Each set of entities would need to procure energy storage equal to 1 percent of their annual peak load under the proposal, with a deadline of 2016 for ESPs and 2020 for CCAs. (Municipal utilities, which aren’t under the jurisdiction of the CPUC, are facing another set of AB 2514-mandated energy storage requirements under the auspices of the California Energy Commission.)
All of the uncertainties surrounding such an unprecedented buildup of energy storage will require the CPUC to remain flexible in how it implements its mandates. “We agree with parties that being overly prescriptive in a nascent market may have some unintended market consequences,” Tuesday’s proposal notes. “Consequently, we find that it is reasonable to adopt a broad framework initially and add additional details later, if necessary, as more experience is gained and lessons can be applied.”

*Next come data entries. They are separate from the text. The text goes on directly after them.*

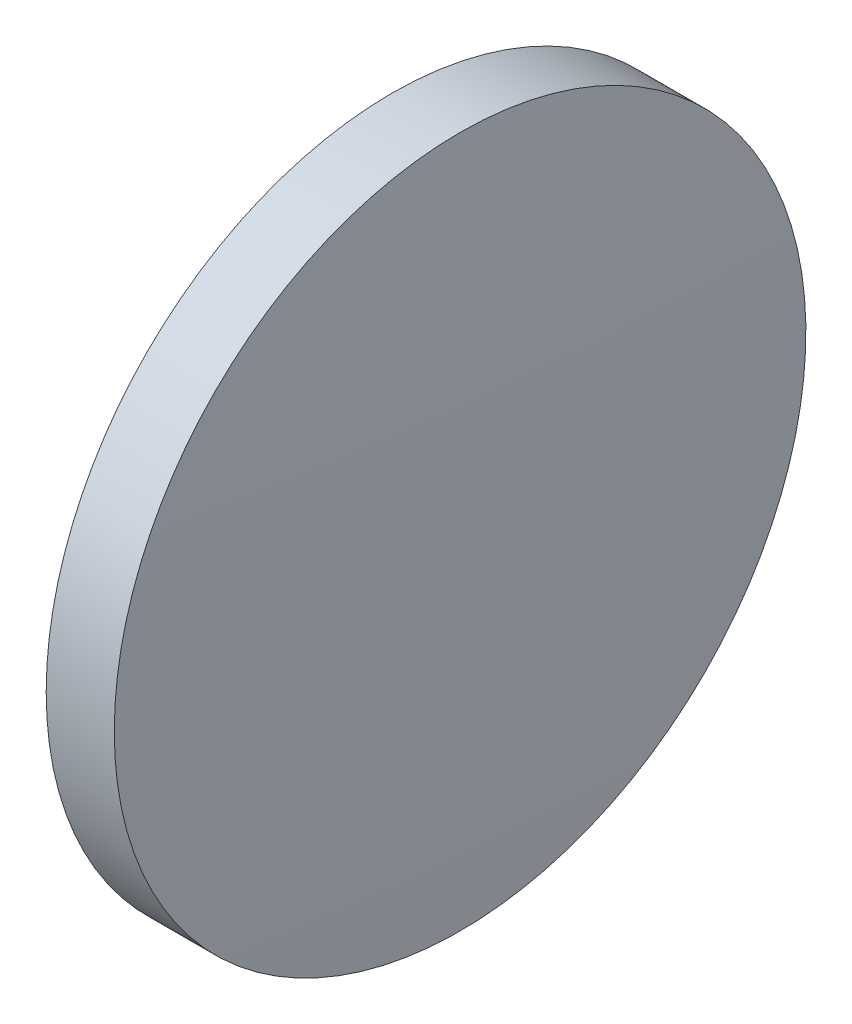
SolidWorks part; units mm, degrees
ref_plane "前视基准面" through (0, 0, 0) normal (0, 0, 1) x (1, 0, 0)
ref_plane "上视基准面" through (0, 0, 0) normal (0, 1, 0) x (1, 0, 0)
ref_plane "右视基准面" through (0, 0, 0) normal (1, 0, 0) x (0, 0, -1)
sketch "草图1" plane through (0, 0, 0) normal (0, 0, 1) x (1, 0, 0)
  line L0 (83.372, 48.6161) -> (89.8656, 48.6161) construction
  line L1 (85.2082, 61.3161) -> (87.7082, 61.3161)
  line L2 (87.7082, 61.3161) -> (87.7082, 35.9161)
  line L3 (87.7082, 35.9161) -> (85.2082, 35.9161)
  line L4 (85.2082, 35.9161) -> (85.2082, 61.3161)
  arc A0 (85.2082, 61.3161) -> (85.2082, 35.9161) centre (358.4721, 48.6161) ccw
  arc A1 (87.7082, 35.9161) -> (87.7082, 61.3161) centre (-185.5557, 48.6161) ccw
  dimension "D1" = 25.4
  dimension "D2" = 2.5
revolve "旋转1" add sketch "草图1" angle 360 about L0
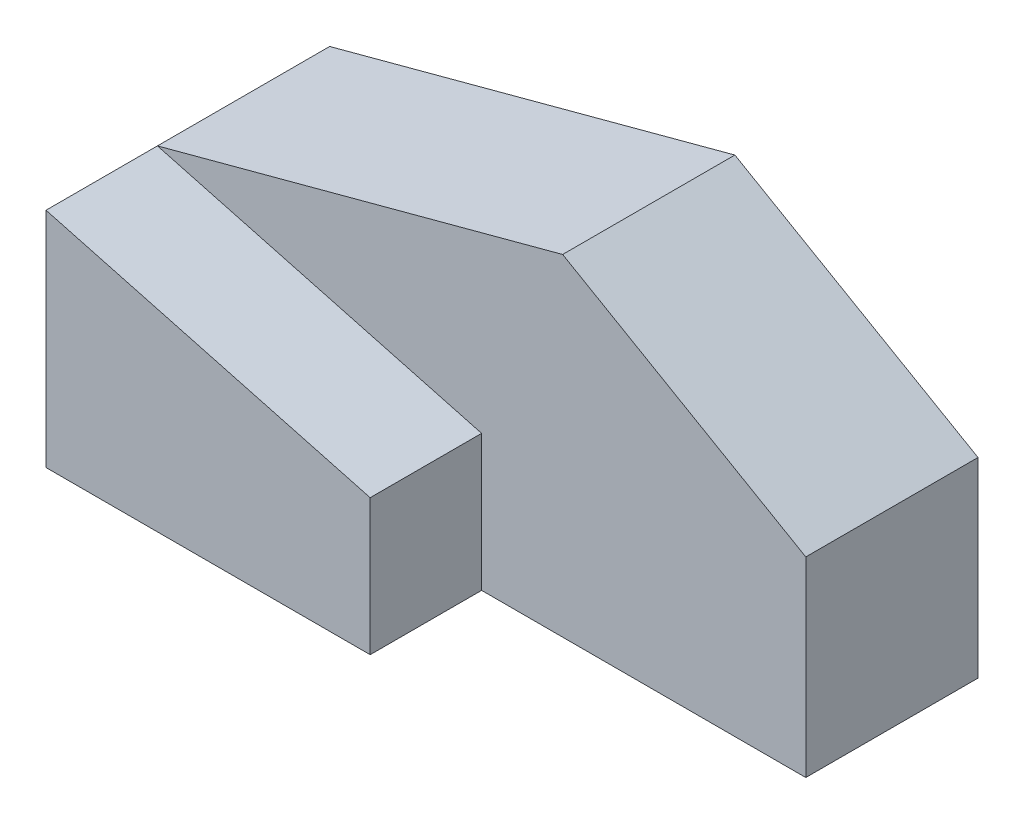
SolidWorks part; units mm, degrees
ref_plane "Front Plane" through (0, 0, 0) normal (0, 0, 1) x (1, 0, 0)
ref_plane "Top Plane" through (0, 0, 0) normal (0, 1, 0) x (1, 0, 0)
ref_plane "Right Plane" through (0, 0, 0) normal (1, 0, 0) x (0, 0, -1)
sketch "Sketch1" plane through (0, 0, 0) normal (0, 0, 1) x (1, 0, 0)
  line L0 (50.8, 0) -> (-50.8, 0)
  line L1 (-50.8, 0) -> (-50.8, 34.925)
  line L2 (-50.8, 34.925) -> (12.7, 51.9398)
  line L3 (12.7, 51.9398) -> (50.8, 29.9427)
  line L4 (50.8, 29.9427) -> (50.8, 0)
  line L5 (-50.8, 34.925) -> (0, 21.3132) construction
  line L6 (0, 21.3132) -> (0, 0) construction
  dimension "D1" = 101.6
  dimension "D2" = 63.5
  dimension "D3" = 34.925
  dimension "D4" = 135
  dimension "D5" = 50.8
  dimension "D6" = 105
  dimension "D7" = 30
extrude "Boss-Extrude1" add sketch "Sketch1" along normal mid plane 26.9875
sketch "Sketch2" plane through (0, 0, 13.4937) normal (0, 0, 1) x (1, 0, 0)
  line L0 (-50.8, 0) -> (-50.8, 34.925)
  line L1 (0, 21.3132) -> (0, 0)
  line L2 (-50.8, 0) -> (50.8, 0) construction
  line L3 (0, 0) -> (-50.8, 0)
  line L4 (-50.8, 34.925) -> (-50.8, 0) construction
  line L6 (12.7, 51.9398) -> (-50.8, 34.925) construction
  line L7 (-50.8, 34.925) -> (0, 21.3132)
  dimension "D1" = 34.925
  dimension "D2" = 50.8
  dimension "D3" = 30
extrude "Boss-Extrude2" add sketch "Sketch2" along normal blind 17.4625
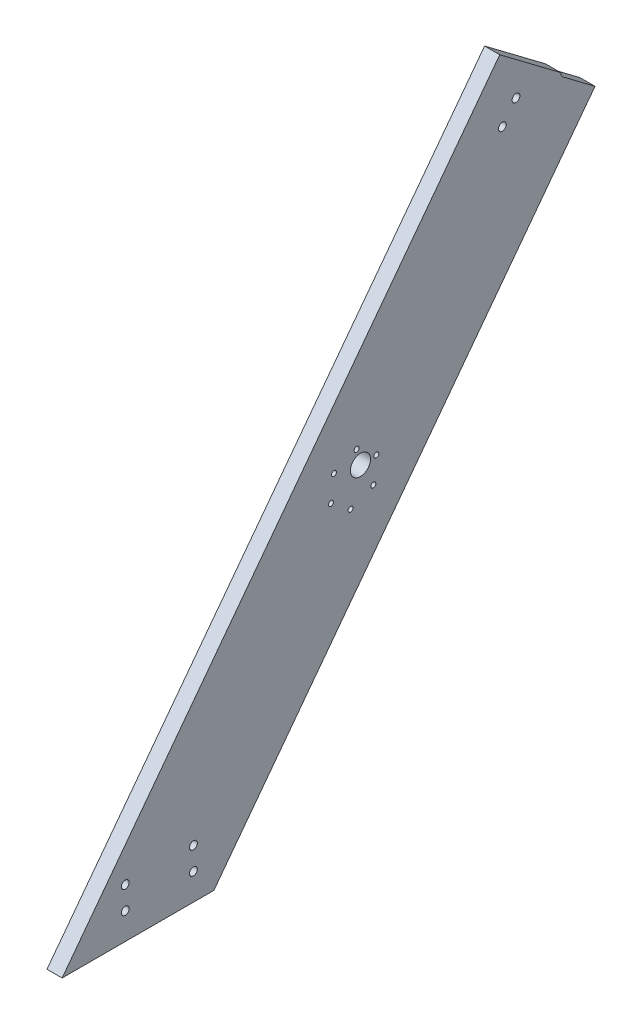
SolidWorks part; units mm, degrees
material "PC High Viscosity"
ref_plane "Front Plane" through (0, 0, 0) normal (0, 0, 1) x (1, 0, 0)
ref_plane "Top Plane" through (0, 0, 0) normal (0, 1, 0) x (1, 0, 0)
ref_plane "Right Plane" through (0, 0, 0) normal (1, 0, 0) x (0, 0, -1)
sketch "Sketch1" plane through (0, 0, 0) normal (1, 0, 0) x (0, 0, -1)
  line L0 (0, 0) -> (275.1498, 365.1362)
  line L2 (336.0059, 319.2779) -> (95.4127, 0)
  line L3 (95.4127, 0) -> (0, 0)
  line L4 (275.1498, 365.1362) -> (336.0059, 319.2779)
  dimension "D1" = 53
  dimension "D2" = 457.2
  dimension "D3" = 76.2
  dimension "D4" = 90
extrude "Boss-Extrude1" add sketch "Sketch1" along normal blind 9.525
sketch "Sketch2" plane through (9.525, 0, 0) normal (1, 0, 0) x (0, 0, -1)
  line L0 (335.0505, 318.01) -> (314.7651, 333.2961)
  line L1 (95.4127, 0) -> (336.0059, 319.2779) construction
  line L2 (336.0059, 319.2779) -> (313.5246, 336.2187)
  line L3 (336.0059, 319.2779) -> (335.0505, 318.01)
  line L4 (336.0059, 319.2779) -> (275.1498, 365.1362) construction
  arc A0 (313.5246, 336.2187) -> (314.7651, 333.2961) centre (316.6759, 335.8318) ccw
  dimension "D1" = 25.4
  dimension "D3" = 3.175
  dimension "D2" = 1.5875
extrude "Cut-Extrude1" cut sketch "Sketch2" against normal through all
sketch "Sketch3" plane through (9.525, 0, 0) normal (1, 0, 0) x (0, 0, -1)
  line L0 (187.5691, 185.6042) -> (183.289, 179.9243) construction
  line L1 (275.1498, 365.1362) -> (0, 0) construction
  line L2 (95.4127, 0) -> (335.0505, 318.01) construction
  line L3 (313.5246, 336.2187) -> (275.1498, 365.1362) construction
  line L4 (183.289, 179.9243) -> (195.6631, 170.5997) construction
  circle A0 centre (187.5691, 185.6042) radius 6.35
  circle A1 centre (183.289, 179.9243) radius 15.494 construction
  circle A2 centre (195.6631, 170.5997) radius 1.5875
  circle A3 centre (181.4008, 164.5458) radius 1.5875
  circle A4 centre (169.0267, 173.8703) radius 1.5875
  circle A5 centre (170.915, 189.2488) radius 1.5875
  circle A6 centre (185.1773, 195.3028) radius 1.5875
  circle A7 centre (197.5513, 185.9783) radius 1.5875
  point P25 (183.289, 179.9243)
  dimension "D1" = 38.1
  dimension "D4" = 12.7
  dimension "D5" = 30.988
  dimension "D6" = 3.175
  dimension "D2" = 203.2
  dimension "D3" = 7.112
  dimension "D7" = 6
extrude "Cut-Extrude2" cut sketch "Sketch3" against normal through all
sketch "Sketch4" plane through (9.525, 0, 0) normal (1, 0, 0) x (0, 0, -1)
  line L0 (285.3463, 336.4617) -> (276.7861, 325.1019) construction
  line L1 (275.1498, 365.1362) -> (0, 0) construction
  line L2 (313.5246, 336.2187) -> (275.1498, 365.1362) construction
  line L3 (0, 0) -> (95.4127, 0) construction
  line L4 (27.6225, 0) -> (27.6225, 39.878) construction
  line L5 (27.6225, 0) -> (51.7525, 0) construction
  line L6 (27.6225, 39.878) -> (51.7525, 39.878)
  line L7 (51.7525, 0) -> (51.7525, 39.878) construction
  line L8 (70.485, 0) -> (70.485, 39.878) construction
  line L9 (70.485, 0) -> (94.615, 0) construction
  line L10 (70.485, 39.878) -> (94.615, 39.878) construction
  line L11 (94.615, 0) -> (94.615, 39.878) construction
  circle A0 centre (285.3463, 336.4617) radius 2.4638
  circle A1 centre (276.7861, 325.1019) radius 2.4638
  circle A2 centre (39.6875, 30.988) radius 2.4638
  circle A3 centre (39.6875, 16.764) radius 2.4638
  circle A4 centre (82.55, 30.988) radius 2.4638
  circle A5 centre (82.55, 16.764) radius 2.4638
  point P22 (281.0662, 330.7818)
  dimension "D1" = 4.9276
  dimension "D2" = 16.764
  dimension "D3" = 14.224
  dimension "D4" = 14.224
  dimension "D5" = 16.764
  dimension "D6" = 25.4
  dimension "D7" = 24.13
  dimension "D8" = 39.878
  dimension "D9" = 12.065
  dimension "D10" = 12.065
  dimension "D11" = 39.6875
  dimension "D12" = 82.55
extrude "Cut-Extrude3" cut sketch "Sketch4" against normal through all contours A3 | A2 | A4 | A5 | A0 | A1

As for the concern that California’s utilities are being asked to engage in what amounts to a grand experiment in energy storage, “The true test for cost-effectiveness will come once specific RFOs are issued, and bids come in, and utilities file an application,” CESA’s Lin noted.
At the same time, “AB 2514 is different from every other mandate California has issued -- it’s the only one that requires cost-effectiveness,” she added.